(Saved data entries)
*** Block opens ***
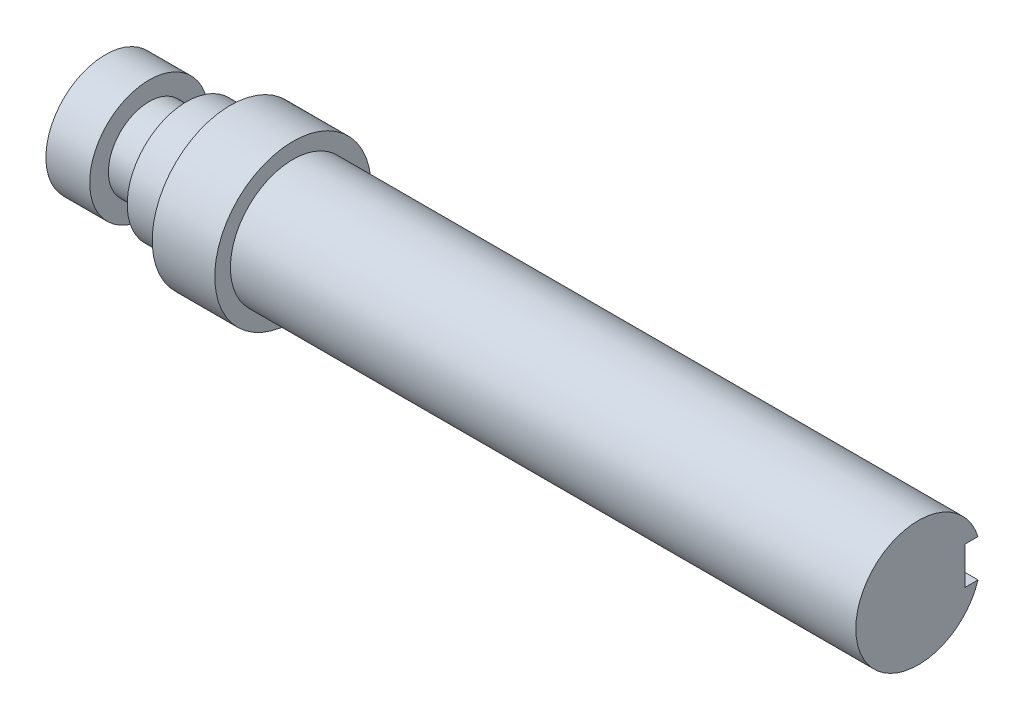
from build123d import *

# Parameters (mm, degrees)
IZIM2_W               = 20
IZIM2_H               = 6
KES_EKSTR_ZYON2_DEPTH = 2.5


with BuildPart() as part:
    # Çizim1 → Döndür1 (revolve)
    with BuildSketch(Plane.XY):
        Polygon((-100, 10), (-100, 12.5), (-110, 12.5), (-110, 9.5), (-117, 9.5), (-117, 6.5), (-123, 6.5), (-123, 9.5), (-130, 9.5), (-130, 0), (0, 0), (0, 10), align=None)
    revolve(axis=Axis((0, 0, 0), (-1, 0, 0)))

    # Çizim2 → Kes-Ekstrüzyon2 (cut)
    with BuildSketch(Plane.XY.offset(-10)):
        with Locations((-10, 0)):
            Rectangle(IZIM2_W, IZIM2_H)
    extrude(amount=KES_EKSTR_ZYON2_DEPTH, mode=Mode.SUBTRACT)


solid = part.part
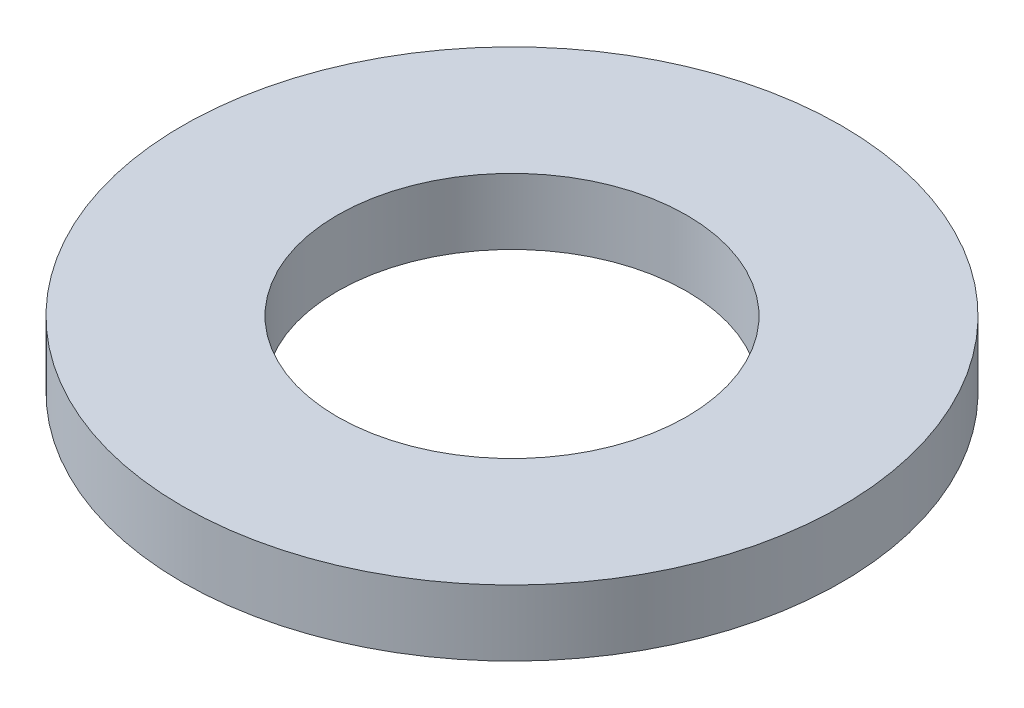
from build123d import *

# Parameters (mm, degrees)
SKETCH1_R      = 5
SKETCH1_R_2    = 2.65
EXTRUDE1_DEPTH = 1


with BuildPart() as part:
    # Sketch1 → Extrude1 (new body)
    with BuildSketch(Plane(origin=(0, 0, 0), x_dir=(1, 0, 0), z_dir=(0, 1, 0))):
        with Locations(Location((0, 0, 0), (0, 0, 270))):  # turned: the seam where the file's is
            Circle(SKETCH1_R)
        with Locations(Location((0, 0, 0), (0, 0, 270))):  # turned: the seam where the file's is
            Circle(SKETCH1_R_2, mode=Mode.SUBTRACT)
    extrude(amount=EXTRUDE1_DEPTH)


solid = part.part
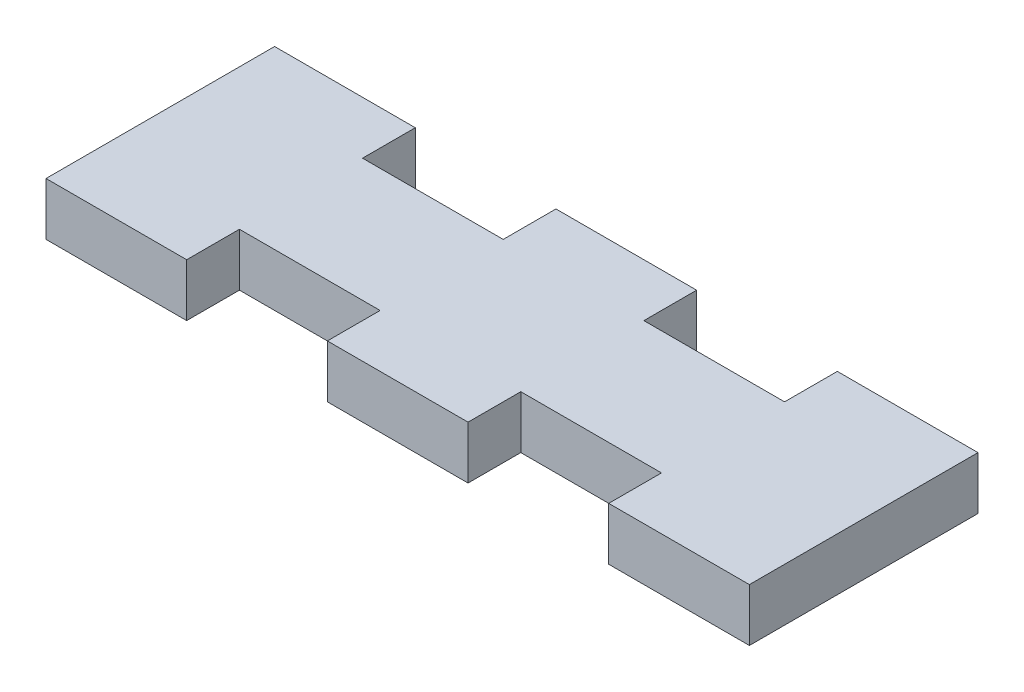
from build123d import *

# Parameters (mm, degrees)
ESTRUSIONE_ESTRUSIONE2_DEPTH = 1.5


with BuildPart() as part:
    # Schizzo3 → Estrusione-Estrusione2 (new body, symmetric)
    with BuildSketch(Plane(origin=(0, 0, 0), x_dir=(1, 0, 0), z_dir=(0, 1, 0))):
        Polygon((-20, -3.5), (-20, -6.5), (-12, -6.5), (-12, -3.5), (-4, -3.5), (-4, -6.5), (4, -6.5), (4, -3.5), (12, -3.5), (12, -6.5), (20, -6.5), (20, -3.5), (20, 3.5), (20, 6.5), (12, 6.5), (12, 3.5), (4, 3.5), (4, 6.5), (-4, 6.5), (-4, 3.5), (-12, 3.5), (-12, 6.5), (-20, 6.5), (-20, 3.5), align=None)
    extrude(amount=ESTRUSIONE_ESTRUSIONE2_DEPTH, both=True)


solid = part.part
*** Block closes ***
Task instructions =
The answer should be an exact copy of the lines from the one containing "(-20, 3.5), align=None)" through the last line of the entries, both included.

Your solution =
        Polygon((-20, -3.5), (-20, -6.5), (-12, -6.5), (-12, -3.5), (-4, -3.5), (-4, -6.5), (4, -6.5), (4, -3.5), (12, -3.5), (12, -6.5), (20, -6.5), (20, -3.5), (20, 3.5), (20, 6.5), (12, 6.5), (12, 3.5), (4, 3.5), (4, 6.5), (-4, 6.5), (-4, 3.5), (-12, 3.5), (-12, 6.5), (-20, 6.5), (-20, 3.5), align=None)
    extrude(amount=ESTRUSIONE_ESTRUSIONE2_DEPTH, both=True)


solid = part.part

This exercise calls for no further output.